L’expérience de l’isolement liée au confinement a été dramatique pour certains foyers. Le manque d’échanges, de personnes vers qui se tourner en cas de besoin, cantonnés aux limites d’une proximité directe, ont rendu plus pertinentes que jamais les initiatives en faveur de lieux de vie plus inclusifs et collectifs.
Mais les belles histoires – voisins qui se rapprochent à la faveur de la crise, initiatives faisant la part belle à l’entraide solidaire et la créativité – vont aussi dans le sens d’une maison qui s’ouvre, avec un état d’esprit tourné vers le partage.
Même s’il ne représente qu’une part infime du marché immobilier à date, le coliving est emblématique de cette tendance : sortir de l’isolement, partager des espaces communs avec des personnes avec qui converser au quotidien, bénéficier ensemble de services utiles à toute une communauté…
Réinventer le modèle du logement individuel avec en prime, la promesse de retisser le lien social distendu dans nos cités modernes. Une préoccupation partagée par les architectes et autres acteurs et porteurs de projets engagés dans le développement de villes plus inclusives et écoresponsables.
En conclusion…
Le contexte Covid a fait voler en éclats l’organisation de la maison. Elle est devenue véritable lieu de vie et s’ouvre au partage sous de nombreuses formes.
Y aura-t-il exode massif des villes vers les banlieues, voire vers le Sud pour aller chercher un bout de jardin et plus de soleil, vers les littoraux pour y trouver la quiétude du bord de mer ? Il est encore trop tôt pour le dire.

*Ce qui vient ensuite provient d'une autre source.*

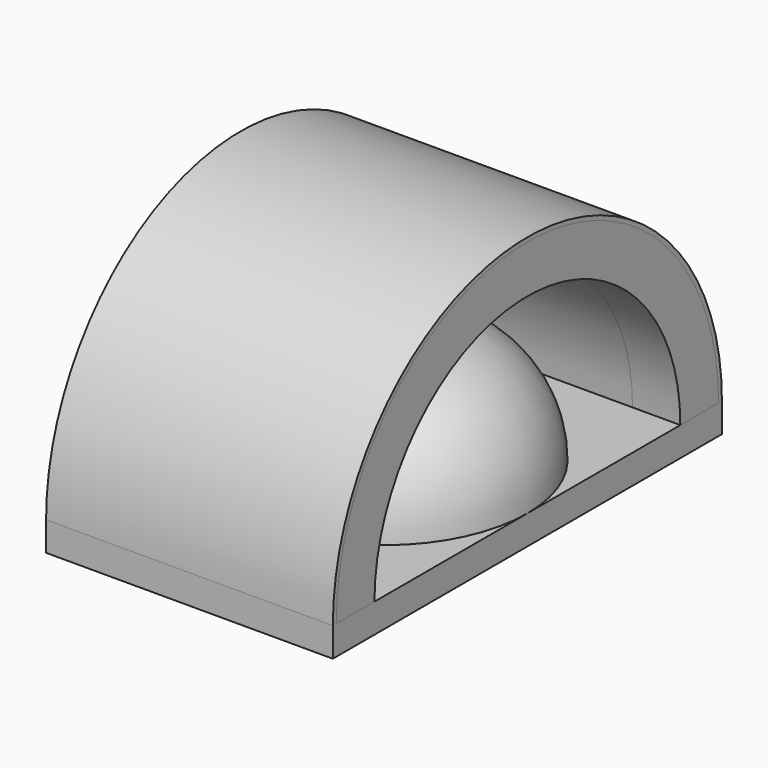
from build123d import *

# Parameters (mm, degrees)
F0_R          = 30
F1_DEPTH      = 25
F2_R          = 24.99999
F4_DEPTH      = 30
F4_DEPTH_BACK = 30
F5_DEPTH      = 30
F5_DEPTH_BACK = 30
F6_R          = 10


# Not quite as in the source:
# - a fillet or chamfer is up to 0.001 mm smaller than in the source, because OpenCascade refuses the exact size


with BuildPart() as f1:
    # F0 (on Top) → F1 (new body)
    with BuildSketch(Plane.XY):
        Circle(F0_R)
    extrude(amount=F1_DEPTH)

    # F2 (radius 25 in the source; OpenCascade refuses exactly that, so slightly less here)
    f2_edges = [f1.edges().sort_by_distance(p)[0] for p in [
        (-30, 0, 25),
    ]]
    fillet(f2_edges, radius=F2_R)


with BuildPart() as f4:
    # F3 (on Right) → F4 (new body, two sides)
    with BuildSketch(Plane.YZ) as f4_sk:
        with BuildLine():
            ThreePointArc((50.8803409753, 0), (0, 50.8803409753), (-50.8803409753, 0))
            Line((-50.8803409753, 0), (-40, 0))
            ThreePointArc((-40, 0), (0, 40), (40, 0))
            Line((40, 0), (50.8803409753, 0))
        make_face()
    extrude(amount=F4_DEPTH)
    extrude(f4_sk.sketch, amount=-F4_DEPTH_BACK)


with BuildPart() as f5:
    # F3 (on Right) → F5 (new body, two sides)
    with BuildSketch(Plane.YZ) as f5_sk:
        with BuildLine():
            ThreePointArc((50.8803409753, 0), (0, 50.8803409753), (-50.8803409753, 0))
            Line((-50.8803409753, 0), (-40, 0))
            ThreePointArc((-40, 0), (0, 40), (40, 0))
            Line((40, 0), (50.8803409753, 0))
        make_face()
        Polygon((-40, 0), (-50.8803409753, 0), (-50.8803409753, -6.0972881854), (50.8803409753, -6.0972881854), (50.8803409753, 0), (40, 0), align=None)
    extrude(amount=F5_DEPTH)
    extrude(f5_sk.sketch, amount=-F5_DEPTH_BACK)

    # F6
    f6_edges = [f5.edges().sort_by_distance(p)[0] for p in [
        (30, 0, 40),
    ]]
    fillet(f6_edges, radius=F6_R)


solid = Compound([f1.part, f4.part, f5.part])

Ce qui est certain, c’est qu’en rendant le télétravail possible sur une large échelle, et en préservant l’agilité des organisations, il est tout d’un coup devenu plus fluide de combiner vie professionnelle et vie personnelle – et ceci, sans opposition.
Le lien social évolue, et la maison occupe une place encore plus centrale dans sa construction : on rencontre nos clients dans leur maison, on est à la maison quand nos enfants rentrent de l’école, on finit une classe de yoga en Zoom et on rentre en réunion la minute d’après… Impossible d’imaginer cela il y a 6 mois ! Le rapport au temps et à l’espace a été bouleversé.
Les marques s’emparent de tous ces nouveaux insights et modes de vies, dans leur communication et leurs développements de services. Elles ont un rôle crucial à jouer pour nous guider vers ces nouveaux usages, nous divertir, prendre soin de nous, et nous connecter.